- [REQUIRED ACTION] The required lines are those that contain "layer"; pull them out of the data and copy them.

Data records
•••••

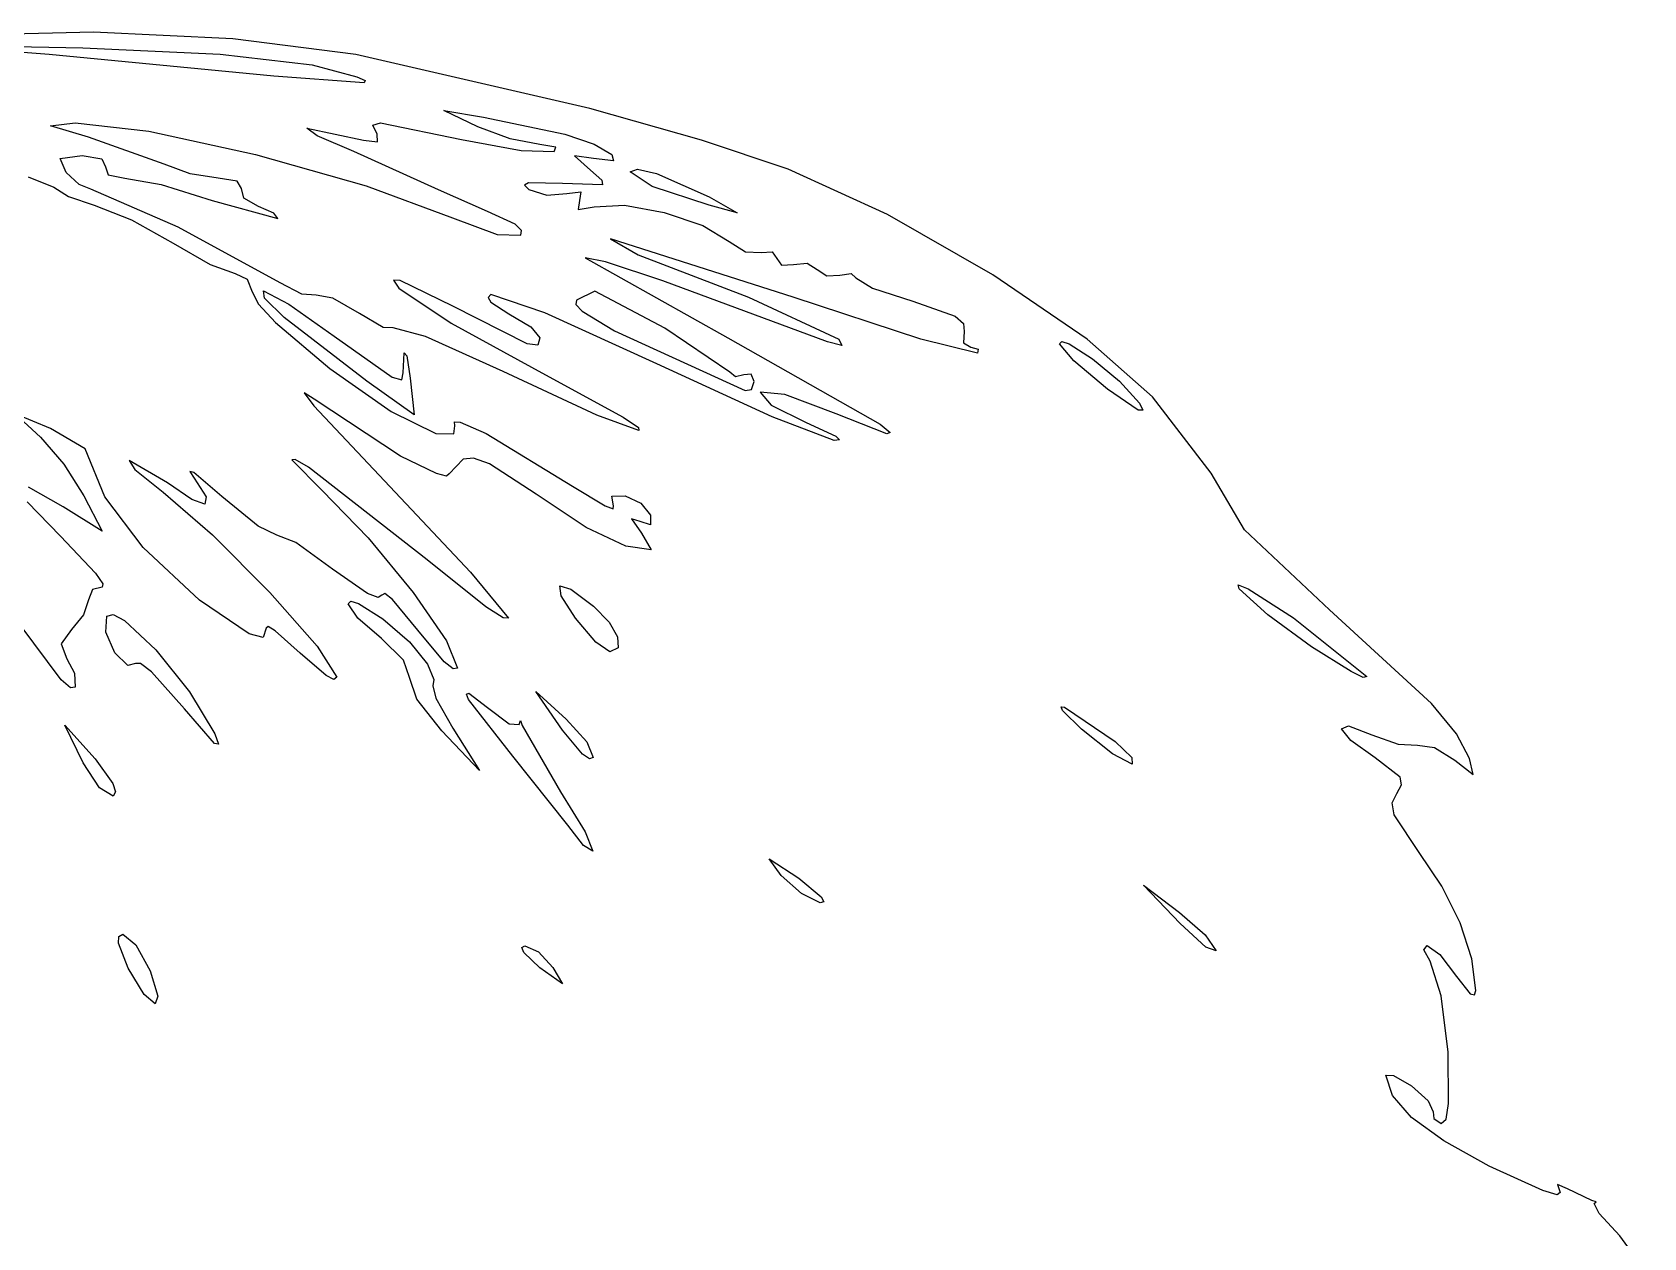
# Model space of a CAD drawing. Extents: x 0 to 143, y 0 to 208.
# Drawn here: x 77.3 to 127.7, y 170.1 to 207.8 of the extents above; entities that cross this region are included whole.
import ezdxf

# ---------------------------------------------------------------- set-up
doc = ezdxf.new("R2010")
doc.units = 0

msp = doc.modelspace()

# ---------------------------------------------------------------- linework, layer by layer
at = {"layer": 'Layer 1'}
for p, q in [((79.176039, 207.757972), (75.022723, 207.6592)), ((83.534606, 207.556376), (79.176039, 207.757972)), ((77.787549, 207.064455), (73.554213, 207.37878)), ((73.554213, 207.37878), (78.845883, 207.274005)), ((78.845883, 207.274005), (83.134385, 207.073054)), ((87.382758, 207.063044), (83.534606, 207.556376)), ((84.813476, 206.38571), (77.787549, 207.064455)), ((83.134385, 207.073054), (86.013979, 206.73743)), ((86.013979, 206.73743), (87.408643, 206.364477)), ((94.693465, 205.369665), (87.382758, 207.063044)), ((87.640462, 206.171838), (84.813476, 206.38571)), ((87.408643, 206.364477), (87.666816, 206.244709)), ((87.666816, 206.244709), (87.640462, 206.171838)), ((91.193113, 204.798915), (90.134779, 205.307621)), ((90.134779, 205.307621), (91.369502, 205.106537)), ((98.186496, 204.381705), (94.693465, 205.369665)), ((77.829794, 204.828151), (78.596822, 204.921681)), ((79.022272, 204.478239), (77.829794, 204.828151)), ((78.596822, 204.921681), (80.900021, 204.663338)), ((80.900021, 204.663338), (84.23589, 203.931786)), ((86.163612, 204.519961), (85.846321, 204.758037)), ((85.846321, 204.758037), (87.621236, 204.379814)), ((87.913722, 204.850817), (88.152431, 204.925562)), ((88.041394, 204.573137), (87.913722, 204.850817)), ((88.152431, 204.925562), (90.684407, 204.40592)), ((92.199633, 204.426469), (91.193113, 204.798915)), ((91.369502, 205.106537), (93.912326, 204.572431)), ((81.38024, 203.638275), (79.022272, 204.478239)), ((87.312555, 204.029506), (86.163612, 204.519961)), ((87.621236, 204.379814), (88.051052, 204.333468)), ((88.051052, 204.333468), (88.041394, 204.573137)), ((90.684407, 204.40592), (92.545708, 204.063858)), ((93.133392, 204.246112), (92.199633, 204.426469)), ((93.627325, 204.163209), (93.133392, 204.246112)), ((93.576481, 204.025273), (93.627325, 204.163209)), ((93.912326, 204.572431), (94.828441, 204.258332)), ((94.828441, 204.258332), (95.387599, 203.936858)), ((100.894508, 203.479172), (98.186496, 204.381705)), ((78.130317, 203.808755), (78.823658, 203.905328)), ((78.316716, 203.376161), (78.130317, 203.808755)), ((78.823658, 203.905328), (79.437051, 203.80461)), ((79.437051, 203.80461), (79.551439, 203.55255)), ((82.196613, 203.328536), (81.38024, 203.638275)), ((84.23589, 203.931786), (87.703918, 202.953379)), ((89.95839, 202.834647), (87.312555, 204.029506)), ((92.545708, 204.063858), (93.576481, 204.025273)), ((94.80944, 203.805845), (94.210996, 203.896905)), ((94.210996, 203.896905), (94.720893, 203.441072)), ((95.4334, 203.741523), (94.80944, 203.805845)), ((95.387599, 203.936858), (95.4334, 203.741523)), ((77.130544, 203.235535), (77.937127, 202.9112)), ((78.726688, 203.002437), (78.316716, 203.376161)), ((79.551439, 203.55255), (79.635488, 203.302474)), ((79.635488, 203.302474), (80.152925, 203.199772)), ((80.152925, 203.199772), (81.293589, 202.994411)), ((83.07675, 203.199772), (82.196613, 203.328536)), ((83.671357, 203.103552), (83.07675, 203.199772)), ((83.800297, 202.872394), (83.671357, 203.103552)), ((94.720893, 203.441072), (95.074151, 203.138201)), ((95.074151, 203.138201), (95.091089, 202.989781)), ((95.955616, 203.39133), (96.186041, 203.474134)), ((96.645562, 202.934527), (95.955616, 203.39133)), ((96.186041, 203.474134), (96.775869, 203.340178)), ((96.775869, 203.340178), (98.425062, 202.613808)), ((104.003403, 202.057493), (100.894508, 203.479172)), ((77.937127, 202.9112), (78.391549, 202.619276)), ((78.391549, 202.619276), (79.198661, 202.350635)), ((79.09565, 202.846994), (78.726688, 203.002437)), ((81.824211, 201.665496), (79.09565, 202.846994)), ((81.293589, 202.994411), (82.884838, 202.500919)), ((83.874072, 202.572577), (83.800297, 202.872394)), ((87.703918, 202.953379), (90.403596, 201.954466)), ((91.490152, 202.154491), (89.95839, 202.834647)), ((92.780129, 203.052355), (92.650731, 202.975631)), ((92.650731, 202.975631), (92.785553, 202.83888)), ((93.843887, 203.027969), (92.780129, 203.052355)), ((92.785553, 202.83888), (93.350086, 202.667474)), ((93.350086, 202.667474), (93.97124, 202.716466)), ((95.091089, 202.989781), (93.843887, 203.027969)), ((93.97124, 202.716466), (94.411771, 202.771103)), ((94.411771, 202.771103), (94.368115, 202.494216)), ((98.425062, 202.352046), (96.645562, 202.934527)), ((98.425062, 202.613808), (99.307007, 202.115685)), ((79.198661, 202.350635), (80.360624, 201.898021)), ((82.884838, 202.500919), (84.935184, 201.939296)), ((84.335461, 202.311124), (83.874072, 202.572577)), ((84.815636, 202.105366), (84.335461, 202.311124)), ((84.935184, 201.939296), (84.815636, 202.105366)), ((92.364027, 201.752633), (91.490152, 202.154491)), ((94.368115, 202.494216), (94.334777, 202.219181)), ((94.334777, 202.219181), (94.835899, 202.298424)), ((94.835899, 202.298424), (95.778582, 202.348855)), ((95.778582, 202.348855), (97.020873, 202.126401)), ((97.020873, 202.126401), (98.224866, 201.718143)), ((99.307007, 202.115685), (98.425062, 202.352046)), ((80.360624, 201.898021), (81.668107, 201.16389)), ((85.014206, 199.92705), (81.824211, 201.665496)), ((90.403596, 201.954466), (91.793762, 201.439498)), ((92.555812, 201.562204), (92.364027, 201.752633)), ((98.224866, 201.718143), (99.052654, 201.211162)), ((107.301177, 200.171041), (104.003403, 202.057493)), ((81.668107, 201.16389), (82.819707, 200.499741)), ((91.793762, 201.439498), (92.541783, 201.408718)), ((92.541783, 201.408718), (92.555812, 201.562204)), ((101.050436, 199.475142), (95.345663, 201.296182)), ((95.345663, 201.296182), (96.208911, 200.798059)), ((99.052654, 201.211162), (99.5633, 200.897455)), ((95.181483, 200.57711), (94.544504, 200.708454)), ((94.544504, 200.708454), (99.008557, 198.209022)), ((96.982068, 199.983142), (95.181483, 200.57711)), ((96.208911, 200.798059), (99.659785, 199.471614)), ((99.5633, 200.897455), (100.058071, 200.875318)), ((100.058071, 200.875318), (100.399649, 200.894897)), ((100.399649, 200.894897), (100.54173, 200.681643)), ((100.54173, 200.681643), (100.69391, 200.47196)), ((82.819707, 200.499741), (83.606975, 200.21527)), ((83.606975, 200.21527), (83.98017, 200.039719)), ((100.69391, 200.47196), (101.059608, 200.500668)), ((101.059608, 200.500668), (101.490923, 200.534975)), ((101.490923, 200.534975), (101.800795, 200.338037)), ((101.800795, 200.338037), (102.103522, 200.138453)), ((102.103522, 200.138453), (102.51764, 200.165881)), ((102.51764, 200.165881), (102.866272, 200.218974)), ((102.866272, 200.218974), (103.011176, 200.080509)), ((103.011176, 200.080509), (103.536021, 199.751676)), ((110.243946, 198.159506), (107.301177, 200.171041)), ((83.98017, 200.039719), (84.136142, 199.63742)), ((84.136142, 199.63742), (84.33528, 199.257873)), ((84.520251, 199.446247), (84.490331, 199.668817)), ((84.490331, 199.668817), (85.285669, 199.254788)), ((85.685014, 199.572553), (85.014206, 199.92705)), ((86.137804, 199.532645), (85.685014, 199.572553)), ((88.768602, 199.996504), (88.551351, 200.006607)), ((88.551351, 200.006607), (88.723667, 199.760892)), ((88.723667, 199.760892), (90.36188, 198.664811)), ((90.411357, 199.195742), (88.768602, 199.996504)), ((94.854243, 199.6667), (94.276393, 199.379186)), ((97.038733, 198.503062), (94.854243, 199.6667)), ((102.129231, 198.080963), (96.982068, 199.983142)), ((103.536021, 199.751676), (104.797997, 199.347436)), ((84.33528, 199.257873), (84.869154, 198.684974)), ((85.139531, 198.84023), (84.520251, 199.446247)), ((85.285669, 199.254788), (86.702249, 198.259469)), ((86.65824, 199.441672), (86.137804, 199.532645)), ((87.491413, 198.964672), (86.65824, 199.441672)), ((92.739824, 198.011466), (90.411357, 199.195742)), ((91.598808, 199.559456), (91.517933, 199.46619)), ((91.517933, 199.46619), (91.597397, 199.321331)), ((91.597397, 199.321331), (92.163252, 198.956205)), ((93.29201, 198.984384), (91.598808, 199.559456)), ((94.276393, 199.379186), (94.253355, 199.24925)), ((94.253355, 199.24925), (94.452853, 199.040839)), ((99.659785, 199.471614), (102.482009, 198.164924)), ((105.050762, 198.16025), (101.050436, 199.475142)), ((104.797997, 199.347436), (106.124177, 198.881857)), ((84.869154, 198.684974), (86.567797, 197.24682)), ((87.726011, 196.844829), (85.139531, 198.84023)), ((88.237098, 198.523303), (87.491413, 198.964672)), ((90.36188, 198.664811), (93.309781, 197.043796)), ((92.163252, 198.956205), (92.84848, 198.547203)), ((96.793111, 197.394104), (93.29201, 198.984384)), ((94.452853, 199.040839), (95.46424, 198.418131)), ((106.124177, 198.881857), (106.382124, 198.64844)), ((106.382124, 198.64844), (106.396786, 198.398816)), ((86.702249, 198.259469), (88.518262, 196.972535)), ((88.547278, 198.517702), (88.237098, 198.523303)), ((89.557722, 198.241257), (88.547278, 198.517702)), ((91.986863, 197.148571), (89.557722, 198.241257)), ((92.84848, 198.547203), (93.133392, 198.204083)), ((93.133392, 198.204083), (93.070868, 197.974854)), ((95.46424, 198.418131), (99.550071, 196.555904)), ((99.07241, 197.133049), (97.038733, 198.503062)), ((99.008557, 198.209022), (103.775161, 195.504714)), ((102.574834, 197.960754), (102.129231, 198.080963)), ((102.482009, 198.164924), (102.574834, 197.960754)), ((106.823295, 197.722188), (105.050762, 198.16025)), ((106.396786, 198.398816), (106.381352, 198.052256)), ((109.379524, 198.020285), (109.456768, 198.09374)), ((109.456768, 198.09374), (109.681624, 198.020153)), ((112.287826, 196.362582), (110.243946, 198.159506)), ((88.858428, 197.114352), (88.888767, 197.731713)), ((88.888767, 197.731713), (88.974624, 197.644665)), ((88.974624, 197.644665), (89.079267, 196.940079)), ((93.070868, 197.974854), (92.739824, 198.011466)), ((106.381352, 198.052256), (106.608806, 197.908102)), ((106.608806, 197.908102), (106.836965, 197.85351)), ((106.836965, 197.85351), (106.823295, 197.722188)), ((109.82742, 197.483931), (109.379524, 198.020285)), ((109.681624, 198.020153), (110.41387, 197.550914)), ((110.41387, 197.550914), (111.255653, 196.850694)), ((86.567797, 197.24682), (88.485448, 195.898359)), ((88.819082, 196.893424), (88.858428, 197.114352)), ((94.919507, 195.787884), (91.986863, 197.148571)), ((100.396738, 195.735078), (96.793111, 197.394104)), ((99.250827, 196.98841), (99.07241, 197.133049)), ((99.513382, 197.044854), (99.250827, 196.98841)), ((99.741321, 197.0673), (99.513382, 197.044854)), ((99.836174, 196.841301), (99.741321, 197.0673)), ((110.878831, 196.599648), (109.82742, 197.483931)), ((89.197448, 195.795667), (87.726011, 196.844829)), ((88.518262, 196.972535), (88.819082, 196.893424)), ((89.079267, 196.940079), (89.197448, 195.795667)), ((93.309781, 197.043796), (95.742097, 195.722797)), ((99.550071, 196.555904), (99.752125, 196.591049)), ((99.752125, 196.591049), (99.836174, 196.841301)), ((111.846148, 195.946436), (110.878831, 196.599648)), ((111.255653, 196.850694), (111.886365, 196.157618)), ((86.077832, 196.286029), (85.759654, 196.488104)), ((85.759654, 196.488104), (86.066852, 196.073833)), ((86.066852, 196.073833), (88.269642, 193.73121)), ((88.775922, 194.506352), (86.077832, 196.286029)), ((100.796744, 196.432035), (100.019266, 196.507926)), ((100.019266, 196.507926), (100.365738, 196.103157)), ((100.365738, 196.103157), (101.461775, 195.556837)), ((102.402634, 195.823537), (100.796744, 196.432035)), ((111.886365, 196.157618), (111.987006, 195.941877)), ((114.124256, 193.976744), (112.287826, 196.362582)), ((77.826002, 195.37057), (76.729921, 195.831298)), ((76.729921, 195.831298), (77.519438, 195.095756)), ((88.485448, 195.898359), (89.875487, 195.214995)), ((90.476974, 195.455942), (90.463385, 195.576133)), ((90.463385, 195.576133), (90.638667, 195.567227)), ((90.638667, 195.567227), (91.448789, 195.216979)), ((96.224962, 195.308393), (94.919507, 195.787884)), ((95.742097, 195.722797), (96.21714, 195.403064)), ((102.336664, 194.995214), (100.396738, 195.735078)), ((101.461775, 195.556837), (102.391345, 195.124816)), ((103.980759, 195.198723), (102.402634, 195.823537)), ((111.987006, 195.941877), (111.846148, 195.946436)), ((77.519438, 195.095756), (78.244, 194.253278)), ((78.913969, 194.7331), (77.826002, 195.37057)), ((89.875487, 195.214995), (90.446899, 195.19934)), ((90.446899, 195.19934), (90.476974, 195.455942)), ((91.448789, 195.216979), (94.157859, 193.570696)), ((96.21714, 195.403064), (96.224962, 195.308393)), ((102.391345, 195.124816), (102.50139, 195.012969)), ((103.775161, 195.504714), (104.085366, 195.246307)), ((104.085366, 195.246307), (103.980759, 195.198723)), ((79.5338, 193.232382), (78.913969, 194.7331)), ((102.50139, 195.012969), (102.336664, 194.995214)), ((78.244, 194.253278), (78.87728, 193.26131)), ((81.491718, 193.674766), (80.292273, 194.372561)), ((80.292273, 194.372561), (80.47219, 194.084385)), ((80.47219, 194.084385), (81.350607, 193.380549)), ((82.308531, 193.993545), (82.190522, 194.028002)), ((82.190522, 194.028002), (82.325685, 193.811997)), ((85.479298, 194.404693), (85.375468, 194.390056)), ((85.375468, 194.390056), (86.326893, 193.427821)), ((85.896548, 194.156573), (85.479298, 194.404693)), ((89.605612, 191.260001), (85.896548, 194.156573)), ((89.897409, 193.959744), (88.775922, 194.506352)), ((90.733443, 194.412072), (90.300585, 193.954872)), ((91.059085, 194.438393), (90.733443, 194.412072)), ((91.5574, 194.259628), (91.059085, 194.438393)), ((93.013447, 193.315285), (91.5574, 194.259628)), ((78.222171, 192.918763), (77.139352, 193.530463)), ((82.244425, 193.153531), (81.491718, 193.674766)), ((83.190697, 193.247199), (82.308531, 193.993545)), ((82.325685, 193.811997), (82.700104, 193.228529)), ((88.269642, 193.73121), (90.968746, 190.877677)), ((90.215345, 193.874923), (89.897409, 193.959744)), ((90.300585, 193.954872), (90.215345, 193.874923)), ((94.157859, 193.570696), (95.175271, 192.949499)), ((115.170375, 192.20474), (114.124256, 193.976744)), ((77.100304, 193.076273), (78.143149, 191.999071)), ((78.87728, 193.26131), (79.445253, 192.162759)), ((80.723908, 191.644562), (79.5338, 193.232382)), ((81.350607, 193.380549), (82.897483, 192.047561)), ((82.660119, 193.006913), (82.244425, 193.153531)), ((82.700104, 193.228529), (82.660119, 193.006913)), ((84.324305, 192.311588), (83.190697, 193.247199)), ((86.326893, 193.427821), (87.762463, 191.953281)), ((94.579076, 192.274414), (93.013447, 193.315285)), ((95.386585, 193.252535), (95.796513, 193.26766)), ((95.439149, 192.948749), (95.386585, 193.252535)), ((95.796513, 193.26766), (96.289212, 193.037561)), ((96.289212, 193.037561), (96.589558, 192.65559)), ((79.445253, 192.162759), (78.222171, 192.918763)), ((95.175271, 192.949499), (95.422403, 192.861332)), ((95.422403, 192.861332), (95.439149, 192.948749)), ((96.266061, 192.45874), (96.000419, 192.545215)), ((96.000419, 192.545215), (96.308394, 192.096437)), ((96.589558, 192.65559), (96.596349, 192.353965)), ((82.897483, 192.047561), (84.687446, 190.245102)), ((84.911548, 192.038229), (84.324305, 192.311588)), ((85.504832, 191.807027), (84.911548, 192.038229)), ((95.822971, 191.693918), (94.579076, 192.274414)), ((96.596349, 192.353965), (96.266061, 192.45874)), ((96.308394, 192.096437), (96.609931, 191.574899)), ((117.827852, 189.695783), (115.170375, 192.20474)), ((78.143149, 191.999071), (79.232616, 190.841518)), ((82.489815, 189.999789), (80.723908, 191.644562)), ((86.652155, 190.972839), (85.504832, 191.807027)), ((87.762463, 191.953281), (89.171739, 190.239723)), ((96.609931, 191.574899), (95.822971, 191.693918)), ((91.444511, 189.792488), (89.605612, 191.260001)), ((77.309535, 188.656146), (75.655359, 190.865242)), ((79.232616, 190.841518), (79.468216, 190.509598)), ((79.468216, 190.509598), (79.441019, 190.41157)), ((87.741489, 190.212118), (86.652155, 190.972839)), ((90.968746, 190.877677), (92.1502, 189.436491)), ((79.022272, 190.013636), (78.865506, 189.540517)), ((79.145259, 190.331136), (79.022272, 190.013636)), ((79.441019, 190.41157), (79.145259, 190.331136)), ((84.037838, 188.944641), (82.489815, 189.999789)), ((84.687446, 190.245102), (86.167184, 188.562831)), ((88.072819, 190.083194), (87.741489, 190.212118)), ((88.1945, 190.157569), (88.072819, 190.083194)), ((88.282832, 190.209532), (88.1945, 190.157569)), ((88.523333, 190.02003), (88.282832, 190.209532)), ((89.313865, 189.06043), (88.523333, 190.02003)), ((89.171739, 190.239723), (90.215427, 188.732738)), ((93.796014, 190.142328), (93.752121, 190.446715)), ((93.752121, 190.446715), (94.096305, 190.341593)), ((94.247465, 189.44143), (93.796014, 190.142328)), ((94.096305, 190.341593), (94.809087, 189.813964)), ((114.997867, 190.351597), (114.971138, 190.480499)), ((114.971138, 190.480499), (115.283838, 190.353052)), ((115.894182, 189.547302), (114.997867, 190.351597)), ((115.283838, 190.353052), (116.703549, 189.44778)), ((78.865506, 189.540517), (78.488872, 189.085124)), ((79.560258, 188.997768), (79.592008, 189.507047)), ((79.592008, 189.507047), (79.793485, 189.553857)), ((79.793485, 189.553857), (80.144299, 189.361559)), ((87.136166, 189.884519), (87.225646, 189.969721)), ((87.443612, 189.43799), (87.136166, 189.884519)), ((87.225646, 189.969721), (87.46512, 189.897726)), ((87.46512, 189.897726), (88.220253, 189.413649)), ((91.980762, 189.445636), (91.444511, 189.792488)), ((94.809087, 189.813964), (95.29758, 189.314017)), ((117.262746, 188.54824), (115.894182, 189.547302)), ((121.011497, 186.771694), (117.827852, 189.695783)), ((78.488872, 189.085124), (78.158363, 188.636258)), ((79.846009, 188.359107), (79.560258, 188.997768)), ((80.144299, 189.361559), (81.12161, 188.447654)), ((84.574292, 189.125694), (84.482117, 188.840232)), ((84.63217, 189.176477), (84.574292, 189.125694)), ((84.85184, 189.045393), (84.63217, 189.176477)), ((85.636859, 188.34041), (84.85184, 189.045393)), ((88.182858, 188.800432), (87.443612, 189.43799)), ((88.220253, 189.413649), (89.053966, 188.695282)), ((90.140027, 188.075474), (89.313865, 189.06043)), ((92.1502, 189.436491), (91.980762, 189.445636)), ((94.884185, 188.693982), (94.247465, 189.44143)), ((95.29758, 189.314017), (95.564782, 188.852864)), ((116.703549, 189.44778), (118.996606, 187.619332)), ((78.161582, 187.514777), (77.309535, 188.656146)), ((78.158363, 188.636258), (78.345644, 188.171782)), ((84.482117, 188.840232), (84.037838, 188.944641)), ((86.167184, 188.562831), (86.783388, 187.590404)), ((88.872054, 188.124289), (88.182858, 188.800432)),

•••••

- [EXERCISE RESPONSE]
# ---------------------------------------------------------------- linework, layer by layer
at = {"layer": 'Layer 1'}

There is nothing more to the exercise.